Source records:
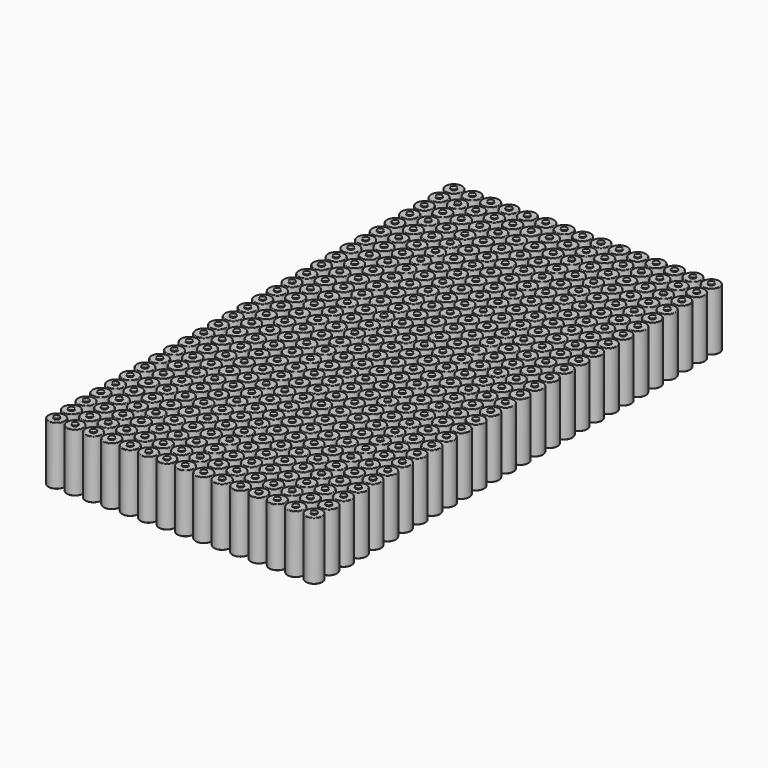
from build123d import *

# Parameters (mm, degrees)
F0_R      = 9.25
F1_DEPTH  = 32.5
F2_R      = 3.3
F3_DEPTH  = 1
F5_R      = 0.635
F6_R      = 0.635
F7_R      = 0.635
F8_R      = 0.635
F19_ANGLE = 90


with BuildPart() as f1:
    # F0 (on Top) → F1 (new body, symmetric)
    with BuildSketch(Plane.XY):
        Circle(F0_R)
    extrude(amount=F1_DEPTH, both=True)

    # F2 (on face) → F3 (join)
    with BuildSketch(Plane.XY.offset(32.5)):
        Circle(F2_R)
    extrude(amount=F3_DEPTH)


with BuildPart() as f4_1:
    # F4: copy of F1
    add(f1.part.moved(Location((20.5, 0, 0))))

    # F6
    f6_edges = [f4_1.edges().sort_by_distance(p)[0] for p in [
        (11.25, 0, 32.5),
    ]]
    fillet(f6_edges, radius=F6_R)

    # F8
    f8_edges = [f4_1.edges().sort_by_distance(p)[0] for p in [
        (11.25, 0, -32.5),
    ]]
    fillet(f8_edges, radius=F8_R)


with BuildPart() as f1_1:
    add(f1.part)

    # F5
    f5_edges = [f1_1.edges().sort_by_distance(p)[0] for p in [
        (-9.25, 0, 32.5),
    ]]
    fillet(f5_edges, radius=F5_R)

    # F7
    f7_edges = [f1_1.edges().sort_by_distance(p)[0] for p in [
        (-9.25, 0, -32.5),
        (9.25, 0, -0.3175),
        (-9.25, 0, 31.865),
    ]]
    fillet(f7_edges, radius=F7_R)


with BuildPart() as f9_1:
    # F9: copy of F1
    add(f1_1.part.moved(Location((-41, 0, 0))))


with BuildPart() as f9_2:
    # F9: copy of F4_1
    add(f4_1.part.moved(Location((-41, 0, 0))))


with BuildPart() as f10_1:
    # F10: copy of F1
    add(f1_1.part.moved(Location((41, 0, 0))))


with BuildPart() as f11_1:
    # F11: copy of F4_1
    add(f4_1.part.moved(Location((102.5, 0, 0))))


with BuildPart() as f11_2:
    # F11: copy of F1
    add(f1_1.part.moved(Location((102.5, 0, 0))))


with BuildPart() as f11_3:
    # F11: copy of F9_1
    add(f9_1.part.moved(Location((102.5, 0, 0))))


with BuildPart() as f11_4:
    # F11: copy of F10_1
    add(f10_1.part.moved(Location((102.5, 0, 0))))


with BuildPart() as f11_5:
    # F11: copy of F9_2
    add(f9_2.part.moved(Location((102.5, 0, 0))))


with BuildPart() as f12_1:
    # F12: copy of F1
    add(f1_1.part.moved(Location((-205, 0, 0))))


with BuildPart() as f12_2:
    # F12: copy of F4_1
    add(f4_1.part.moved(Location((-205, 0, 0))))


with BuildPart() as f12_3:
    # F12: copy of F9_1
    add(f9_1.part.moved(Location((-205, 0, 0))))


with BuildPart() as f12_4:
    # F12: copy of F10_1
    add(f10_1.part.moved(Location((-205, 0, 0))))


with BuildPart() as f12_5:
    # F12: copy of F11_3
    add(f11_3.part.moved(Location((-205, 0, 0))))


with BuildPart() as f12_6:
    # F12: copy of F11_4
    add(f11_4.part.moved(Location((-205, 0, 0))))


with BuildPart() as f12_7:
    # F12: copy of F11_5
    add(f11_5.part.moved(Location((-205, 0, 0))))


with BuildPart() as f12_8:
    # F12: copy of F11_1
    add(f11_1.part.moved(Location((-205, 0, 0))))


with BuildPart() as f12_9:
    # F12: copy of F11_2
    add(f11_2.part.moved(Location((-205, 0, 0))))


with BuildPart() as f12_10:
    # F12: copy of F9_2
    add(f9_2.part.moved(Location((-205, 0, 0))))


with BuildPart() as f1_2:
    # F13: moved
    add(f1_1.part.moved(Location((-30.75, 0, 0))))


with BuildPart() as f4_1_1:
    # F13: moved
    add(f4_1.part.moved(Location((-30.75, 0, 0))))


with BuildPart() as f9_2_1:
    # F13: moved
    add(f9_2.part.moved(Location((-30.75, 0, 0))))


with BuildPart() as f9_1_1:
    # F13: moved
    add(f9_1.part.moved(Location((-30.75, 0, 0))))


with BuildPart() as f10_1_1:
    # F13: moved
    add(f10_1.part.moved(Location((-30.75, 0, 0))))


with BuildPart() as f11_3_1:
    # F13: moved
    add(f11_3.part.moved(Location((-30.75, 0, 0))))


with BuildPart() as f11_4_1:
    # F13: moved
    add(f11_4.part.moved(Location((-30.75, 0, 0))))


with BuildPart() as f11_5_1:
    # F13: moved
    add(f11_5.part.moved(Location((-30.75, 0, 0))))


with BuildPart() as f11_1_1:
    # F13: moved
    add(f11_1.part.moved(Location((-30.75, 0, 0))))


with BuildPart() as f11_2_1:
    # F13: moved
    add(f11_2.part.moved(Location((-30.75, 0, 0))))


with BuildPart() as f12_8_1:
    # F13: moved
    add(f12_8.part.moved(Location((-30.75, 0, 0))))


with BuildPart() as f12_9_1:
    # F13: moved
    add(f12_9.part.moved(Location((-30.75, 0, 0))))


with BuildPart() as f12_7_1:
    # F13: moved
    add(f12_7.part.moved(Location((-30.75, 0, 0))))


with BuildPart() as f12_4_1:
    # F13: moved
    add(f12_4.part.moved(Location((-30.75, 0, 0))))


with BuildPart() as f12_10_1:
    # F13: moved
    add(f12_10.part.moved(Location((-30.75, 0, 0))))


with BuildPart() as f12_6_1:
    # F13: moved
    add(f12_6.part.moved(Location((-30.75, 0, 0))))


with BuildPart() as f12_5_1:
    # F13: moved
    add(f12_5.part.moved(Location((-30.75, 0, 0))))


with BuildPart() as f12_3_1:
    # F13: moved
    add(f12_3.part.moved(Location((-30.75, 0, 0))))


with BuildPart() as f12_2_1:
    # F13: moved
    add(f12_2.part.moved(Location((-30.75, 0, 0))))


with BuildPart() as f12_1_1:
    # F13: moved
    add(f12_1.part.moved(Location((-30.75, 0, 0))))


with BuildPart() as f14_1:
    # F14: copy of F4_1
    add(f4_1_1.part.moved(Location((164, 0, 0))))


with BuildPart() as f14_2:
    # F14: copy of F10_1
    add(f10_1_1.part.moved(Location((164, 0, 0))))


with BuildPart() as f14_3:
    # F14: copy of F11_3
    add(f11_3_1.part.moved(Location((164, 0, 0))))


with BuildPart() as f14_4:
    # F14: copy of F11_4
    add(f11_4_1.part.moved(Location((164, 0, 0))))


with BuildPart() as f14_5:
    # F14: copy of F11_5
    add(f11_5_1.part.moved(Location((164, 0, 0))))


with BuildPart() as f14_6:
    # F14: copy of F11_1
    add(f11_1_1.part.moved(Location((164, 0, 0))))


with BuildPart() as f14_7:
    # F14: copy of F11_2
    add(f11_2_1.part.moved(Location((164, 0, 0))))


with BuildPart() as f14_8:
    # F14: copy of F1
    add(f1_2.part.moved(Location((164, 0, 0))))


with BuildPart() as f15_1:
    # F15: copy of F4_1
    add(f4_1_1.part.moved(Location((0, -20.5, 0))))


with BuildPart() as f15_2:
    # F15: copy of F9_2
    add(f9_2_1.part.moved(Location((0, -20.5, 0))))


with BuildPart() as f15_3:
    # F15: copy of F9_1
    add(f9_1_1.part.moved(Location((0, -20.5, 0))))


with BuildPart() as f15_4:
    # F15: copy of F10_1
    add(f10_1_1.part.moved(Location((0, -20.5, 0))))


with BuildPart() as f15_5:
    # F15: copy of F11_3
    add(f11_3_1.part.moved(Location((0, -20.5, 0))))


with BuildPart() as f15_6:
    # F15: copy of F11_4
    add(f11_4_1.part.moved(Location((0, -20.5, 0))))


with BuildPart() as f15_7:
    # F15: copy of F11_5
    add(f11_5_1.part.moved(Location((0, -20.5, 0))))


with BuildPart() as f15_8:
    # F15: copy of F11_1
    add(f11_1_1.part.moved(Location((0, -20.5, 0))))


with BuildPart() as f15_9:
    # F15: copy of F11_2
    add(f11_2_1.part.moved(Location((0, -20.5, 0))))


with BuildPart() as f15_10:
    # F15: copy of F12_9
    add(f12_9_1.part.moved(Location((0, -20.5, 0))))


with BuildPart() as f15_11:
    # F15: copy of F12_7
    add(f12_7_1.part.moved(Location((0, -20.5, 0))))


with BuildPart() as f15_12:
    # F15: copy of F12_4
    add(f12_4_1.part.moved(Location((0, -20.5, 0))))


with BuildPart() as f15_13:
    # F15: copy of F12_10
    add(f12_10_1.part.moved(Location((0, -20.5, 0))))


with BuildPart() as f15_14:
    # F15: copy of F12_8
    add(f12_8_1.part.moved(Location((0, -20.5, 0))))


with BuildPart() as f15_15:
    # F15: copy of F12_6
    add(f12_6_1.part.moved(Location((0, -20.5, 0))))


with BuildPart() as f15_16:
    # F15: copy of F12_3
    add(f12_3_1.part.moved(Location((0, -20.5, 0))))


with BuildPart() as f15_17:
    # F15: copy of F12_5
    add(f12_5_1.part.moved(Location((0, -20.5, 0))))


with BuildPart() as f15_18:
    # F15: copy of F12_2
    add(f12_2_1.part.moved(Location((0, -20.5, 0))))


with BuildPart() as f15_19:
    # F15: copy of F12_1
    add(f12_1_1.part.moved(Location((0, -20.5, 0))))


with BuildPart() as f15_20:
    # F15: copy of F14_4
    add(f14_4.part.moved(Location((0, -20.5, 0))))


with BuildPart() as f15_21:
    # F15: copy of F14_5
    add(f14_5.part.moved(Location((0, -20.5, 0))))


with BuildPart() as f15_22:
    # F15: copy of F14_7
    add(f14_7.part.moved(Location((0, -20.5, 0))))


with BuildPart() as f15_23:
    # F15: copy of F14_3
    add(f14_3.part.moved(Location((0, -20.5, 0))))


with BuildPart() as f15_24:
    # F15: copy of F14_6
    add(f14_6.part.moved(Location((0, -20.5, 0))))


with BuildPart() as f15_25:
    # F15: copy of F14_2
    add(f14_2.part.moved(Location((0, -20.5, 0))))


with BuildPart() as f15_26:
    # F15: copy of F14_1
    add(f14_1.part.moved(Location((0, -20.5, 0))))


with BuildPart() as f15_27:
    # F15: copy of F14_8
    add(f14_8.part.moved(Location((0, -20.5, 0))))


with BuildPart() as f15_28:
    # F15: copy of F1
    add(f1_2.part.moved(Location((0, -20.5, 0))))


with BuildPart() as f16_1:
    # F16: copy of F4_1
    add(f4_1_1.part.moved(Location((0, -41, 0))))


with BuildPart() as f16_2:
    # F16: copy of F9_2
    add(f9_2_1.part.moved(Location((0, -41, 0))))


with BuildPart() as f16_3:
    # F16: copy of F9_1
    add(f9_1_1.part.moved(Location((0, -41, 0))))


with BuildPart() as f16_4:
    # F16: copy of F10_1
    add(f10_1_1.part.moved(Location((0, -41, 0))))


with BuildPart() as f16_5:
    # F16: copy of F11_3
    add(f11_3_1.part.moved(Location((0, -41, 0))))


with BuildPart() as f16_6:
    # F16: copy of F11_4
    add(f11_4_1.part.moved(Location((0, -41, 0))))


with BuildPart() as f16_7:
    # F16: copy of F11_1
    add(f11_1_1.part.moved(Location((0, -41, 0))))


with BuildPart() as f16_8:
    # F16: copy of F11_5
    add(f11_5_1.part.moved(Location((0, -41, 0))))


with BuildPart() as f16_9:
    # F16: copy of F11_2
    add(f11_2_1.part.moved(Location((0, -41, 0))))


with BuildPart() as f16_10:
    # F16: copy of F12_3
    add(f12_3_1.part.moved(Location((0, -41, 0))))


with BuildPart() as f16_11:
    # F16: copy of F12_9
    add(f12_9_1.part.moved(Location((0, -41, 0))))


with BuildPart() as f16_12:
    # F16: copy of F12_7
    add(f12_7_1.part.moved(Location((0, -41, 0))))


with BuildPart() as f16_13:
    # F16: copy of F12_4
    add(f12_4_1.part.moved(Location((0, -41, 0))))


with BuildPart() as f16_14:
    # F16: copy of F12_10
    add(f12_10_1.part.moved(Location((0, -41, 0))))


with BuildPart() as f16_15:
    # F16: copy of F12_6
    add(f12_6_1.part.moved(Location((0, -41, 0))))


with BuildPart() as f16_16:
    # F16: copy of F12_8
    add(f12_8_1.part.moved(Location((0, -41, 0))))


with BuildPart() as f16_17:
    # F16: copy of F12_2
    add(f12_2_1.part.moved(Location((0, -41, 0))))


with BuildPart() as f16_18:
    # F16: copy of F12_1
    add(f12_1_1.part.moved(Location((0, -41, 0))))


with BuildPart() as f16_19:
    # F16: copy of F12_5
    add(f12_5_1.part.moved(Location((0, -41, 0))))


with BuildPart() as f16_20:
    # F16: copy of F14_4
    add(f14_4.part.moved(Location((0, -41, 0))))


with BuildPart() as f16_21:
    # F16: copy of F14_7
    add(f14_7.part.moved(Location((0, -41, 0))))


with BuildPart() as f16_22:
    # F16: copy of F14_5
    add(f14_5.part.moved(Location((0, -41, 0))))


with BuildPart() as f16_23:
    # F16: copy of F14_3
    add(f14_3.part.moved(Location((0, -41, 0))))


with BuildPart() as f16_24:
    # F16: copy of F14_6
    add(f14_6.part.moved(Location((0, -41, 0))))


with BuildPart() as f16_25:
    # F16: copy of F14_2
    add(f14_2.part.moved(Location((0, -41, 0))))


with BuildPart() as f16_26:
    # F16: copy of F14_1
    add(f14_1.part.moved(Location((0, -41, 0))))


with BuildPart() as f16_27:
    # F16: copy of F14_8
    add(f14_8.part.moved(Location((0, -41, 0))))


with BuildPart() as f16_28:
    # F16: copy of F15_11
    add(f15_11.part.moved(Location((0, -41, 0))))


with BuildPart() as f16_29:
    # F16: copy of F15_25
    add(f15_25.part.moved(Location((0, -41, 0))))


with BuildPart() as f16_30:
    # F16: copy of F15_10
    add(f15_10.part.moved(Location((0, -41, 0))))


with BuildPart() as f16_31:
    # F16: copy of F15_22
    add(f15_22.part.moved(Location((0, -41, 0))))


with BuildPart() as f16_32:
    # F16: copy of F15_19
    add(f15_19.part.moved(Location((0, -41, 0))))


with BuildPart() as f16_33:
    # F16: copy of F15_13
    add(f15_13.part.moved(Location((0, -41, 0))))


with BuildPart() as f16_34:
    # F16: copy of F15_21
    add(f15_21.part.moved(Location((0, -41, 0))))


with BuildPart() as f16_35:
    # F16: copy of F15_6
    add(f15_6.part.moved(Location((0, -41, 0))))


with BuildPart() as f16_36:
    # F16: copy of F15_7
    add(f15_7.part.moved(Location((0, -41, 0))))


with BuildPart() as f16_37:
    # F16: copy of F15_9
    add(f15_9.part.moved(Location((0, -41, 0))))


with BuildPart() as f16_38:
    # F16: copy of F15_3
    add(f15_3.part.moved(Location((0, -41, 0))))


with BuildPart() as f16_39:
    # F16: copy of F15_23
    add(f15_23.part.moved(Location((0, -41, 0))))


with BuildPart() as f16_40:
    # F16: copy of F15_26
    add(f15_26.part.moved(Location((0, -41, 0))))


with BuildPart() as f16_41:
    # F16: copy of F15_12
    add(f15_12.part.moved(Location((0, -41, 0))))


with BuildPart() as f16_42:
    # F16: copy of F15_18
    add(f15_18.part.moved(Location((0, -41, 0))))


with BuildPart() as f16_43:
    # F16: copy of F15_20
    add(f15_20.part.moved(Location((0, -41, 0))))


with BuildPart() as f16_44:
    # F16: copy of F15_24
    add(f15_24.part.moved(Location((0, -41, 0))))


with BuildPart() as f16_45:
    # F16: copy of F15_8
    add(f15_8.part.moved(Location((0, -41, 0))))


with BuildPart() as f16_46:
    # F16: copy of F15_4
    add(f15_4.part.moved(Location((0, -41, 0))))


with BuildPart() as f16_47:
    # F16: copy of F15_2
    add(f15_2.part.moved(Location((0, -41, 0))))


with BuildPart() as f16_48:
    # F16: copy of F15_15
    add(f15_15.part.moved(Location((0, -41, 0))))


with BuildPart() as f16_49:
    # F16: copy of F15_17
    add(f15_17.part.moved(Location((0, -41, 0))))


with BuildPart() as f16_50:
    # F16: copy of F15_14
    add(f15_14.part.moved(Location((0, -41, 0))))


with BuildPart() as f16_51:
    # F16: copy of F15_16
    add(f15_16.part.moved(Location((0, -41, 0))))


with BuildPart() as f16_52:
    # F16: copy of F15_1
    add(f15_1.part.moved(Location((0, -41, 0))))


with BuildPart() as f16_53:
    # F16: copy of F15_27
    add(f15_27.part.moved(Location((0, -41, 0))))


with BuildPart() as f16_54:
    # F16: copy of F15_5
    add(f15_5.part.moved(Location((0, -41, 0))))


with BuildPart() as f16_55:
    # F16: copy of F15_28
    add(f15_28.part.moved(Location((0, -41, 0))))


with BuildPart() as f16_56:
    # F16: copy of F1
    add(f1_2.part.moved(Location((0, -41, 0))))


with BuildPart() as f17_1:
    # F17: copy of F4_1
    add(f4_1_1.part.moved(Location((0, -82, 0))))


with BuildPart() as f17_2:
    # F17: copy of F9_2
    add(f9_2_1.part.moved(Location((0, -82, 0))))


with BuildPart() as f17_3:
    # F17: copy of F9_1
    add(f9_1_1.part.moved(Location((0, -82, 0))))


with BuildPart() as f17_4:
    # F17: copy of F10_1
    add(f10_1_1.part.moved(Location((0, -82, 0))))


with BuildPart() as f17_5:
    # F17: copy of F11_4
    add(f11_4_1.part.moved(Location((0, -82, 0))))


with BuildPart() as f17_6:
    # F17: copy of F11_3
    add(f11_3_1.part.moved(Location((0, -82, 0))))


with BuildPart() as f17_7:
    # F17: copy of F11_5
    add(f11_5_1.part.moved(Location((0, -82, 0))))


with BuildPart() as f17_8:
    # F17: copy of F11_1
    add(f11_1_1.part.moved(Location((0, -82, 0))))


with BuildPart() as f17_9:
    # F17: copy of F11_2
    add(f11_2_1.part.moved(Location((0, -82, 0))))


with BuildPart() as f17_10:
    # F17: copy of F12_9
    add(f12_9_1.part.moved(Location((0, -82, 0))))


with BuildPart() as f17_11:
    # F17: copy of F12_7
    add(f12_7_1.part.moved(Location((0, -82, 0))))


with BuildPart() as f17_12:
    # F17: copy of F12_4
    add(f12_4_1.part.moved(Location((0, -82, 0))))


with BuildPart() as f17_13:
    # F17: copy of F12_6
    add(f12_6_1.part.moved(Location((0, -82, 0))))


with BuildPart() as f17_14:
    # F17: copy of F12_3
    add(f12_3_1.part.moved(Location((0, -82, 0))))


with BuildPart() as f17_15:
    # F17: copy of F12_8
    add(f12_8_1.part.moved(Location((0, -82, 0))))


with BuildPart() as f17_16:
    # F17: copy of F12_2
    add(f12_2_1.part.moved(Location((0, -82, 0))))


with BuildPart() as f17_17:
    # F17: copy of F12_1
    add(f12_1_1.part.moved(Location((0, -82, 0))))


with BuildPart() as f17_18:
    # F17: copy of F12_10
    add(f12_10_1.part.moved(Location((0, -82, 0))))


with BuildPart() as f17_19:
    # F17: copy of F12_5
    add(f12_5_1.part.moved(Location((0, -82, 0))))


with BuildPart() as f17_20:
    # F17: copy of F14_4
    add(f14_4.part.moved(Location((0, -82, 0))))


with BuildPart() as f17_21:
    # F17: copy of F14_7
    add(f14_7.part.moved(Location((0, -82, 0))))


with BuildPart() as f17_22:
    # F17: copy of F14_5
    add(f14_5.part.moved(Location((0, -82, 0))))


with BuildPart() as f17_23:
    # F17: copy of F14_3
    add(f14_3.part.moved(Location((0, -82, 0))))


with BuildPart() as f17_24:
    # F17: copy of F14_6
    add(f14_6.part.moved(Location((0, -82, 0))))


with BuildPart() as f17_25:
    # F17: copy of F14_2
    add(f14_2.part.moved(Location((0, -82, 0))))


with BuildPart() as f17_26:
    # F17: copy of F14_1
    add(f14_1.part.moved(Location((0, -82, 0))))


with BuildPart() as f17_27:
    # F17: copy of F14_8
    add(f14_8.part.moved(Location((0, -82, 0))))


with BuildPart() as f17_28:
    # F17: copy of F15_11
    add(f15_11.part.moved(Location((0, -82, 0))))


with BuildPart() as f17_29:
    # F17: copy of F15_25
    add(f15_25.part.moved(Location((0, -82, 0))))


with BuildPart() as f17_30:
    # F17: copy of F15_10
    add(f15_10.part.moved(Location((0, -82, 0))))


with BuildPart() as f17_31:
    # F17: copy of F15_19
    add(f15_19.part.moved(Location((0, -82, 0))))


with BuildPart() as f17_32:
    # F17: copy of F15_13
    add(f15_13.part.moved(Location((0, -82, 0))))


with BuildPart() as f17_33:
    # F17: copy of F15_7
    add(f15_7.part.moved(Location((0, -82, 0))))


with BuildPart() as f17_34:
    # F17: copy of F15_9
    add(f15_9.part.moved(Location((0, -82, 0))))


with BuildPart() as f17_35:
    # F17: copy of F15_3
    add(f15_3.part.moved(Location((0, -82, 0))))


with BuildPart() as f17_36:
    # F17: copy of F15_12
    add(f15_12.part.moved(Location((0, -82, 0))))


with BuildPart() as f17_37:
    # F17: copy of F15_18
    add(f15_18.part.moved(Location((0, -82, 0))))


with BuildPart() as f17_38:
    # F17: copy of F15_20
    add(f15_20.part.moved(Location((0, -82, 0))))


with BuildPart() as f17_39:
    # F17: copy of F15_24
    add(f15_24.part.moved(Location((0, -82, 0))))


with BuildPart() as f17_40:
    # F17: copy of F15_26
    add(f15_26.part.moved(Location((0, -82, 0))))


with BuildPart() as f17_41:
    # F17: copy of F15_8
    add(f15_8.part.moved(Location((0, -82, 0))))


with BuildPart() as f17_42:
    # F17: copy of F15_2
    add(f15_2.part.moved(Location((0, -82, 0))))


with BuildPart() as f17_43:
    # F17: copy of F15_22
    add(f15_22.part.moved(Location((0, -82, 0))))


with BuildPart() as f17_44:
    # F17: copy of F15_15
    add(f15_15.part.moved(Location((0, -82, 0))))


with BuildPart() as f17_45:
    # F17: copy of F15_17
    add(f15_17.part.moved(Location((0, -82, 0))))


with BuildPart() as f17_46:
    # F17: copy of F15_23
    add(f15_23.part.moved(Location((0, -82, 0))))


with BuildPart() as f17_47:
    # F17: copy of F15_16
    add(f15_16.part.moved(Location((0, -82, 0))))


with BuildPart() as f17_48:
    # F17: copy of F15_14
    add(f15_14.part.moved(Location((0, -82, 0))))


with BuildPart() as f17_49:
    # F17: copy of F15_28
    add(f15_28.part.moved(Location((0, -82, 0))))


with BuildPart() as f17_50:
    # F17: copy of F15_1
    add(f15_1.part.moved(Location((0, -82, 0))))


with BuildPart() as f17_51:
    # F17: copy of F15_6
    add(f15_6.part.moved(Location((0, -82, 0))))


with BuildPart() as f17_52:
    # F17: copy of F15_5
    add(f15_5.part.moved(Location((0, -82, 0))))


with BuildPart() as f17_53:
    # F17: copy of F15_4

Problem requirements: Starting from the records above, copy each line where the string "Plane" is found.

Output of the exercise:
    with BuildSketch(Plane.XY):
    with BuildSketch(Plane.XY.offset(32.5)):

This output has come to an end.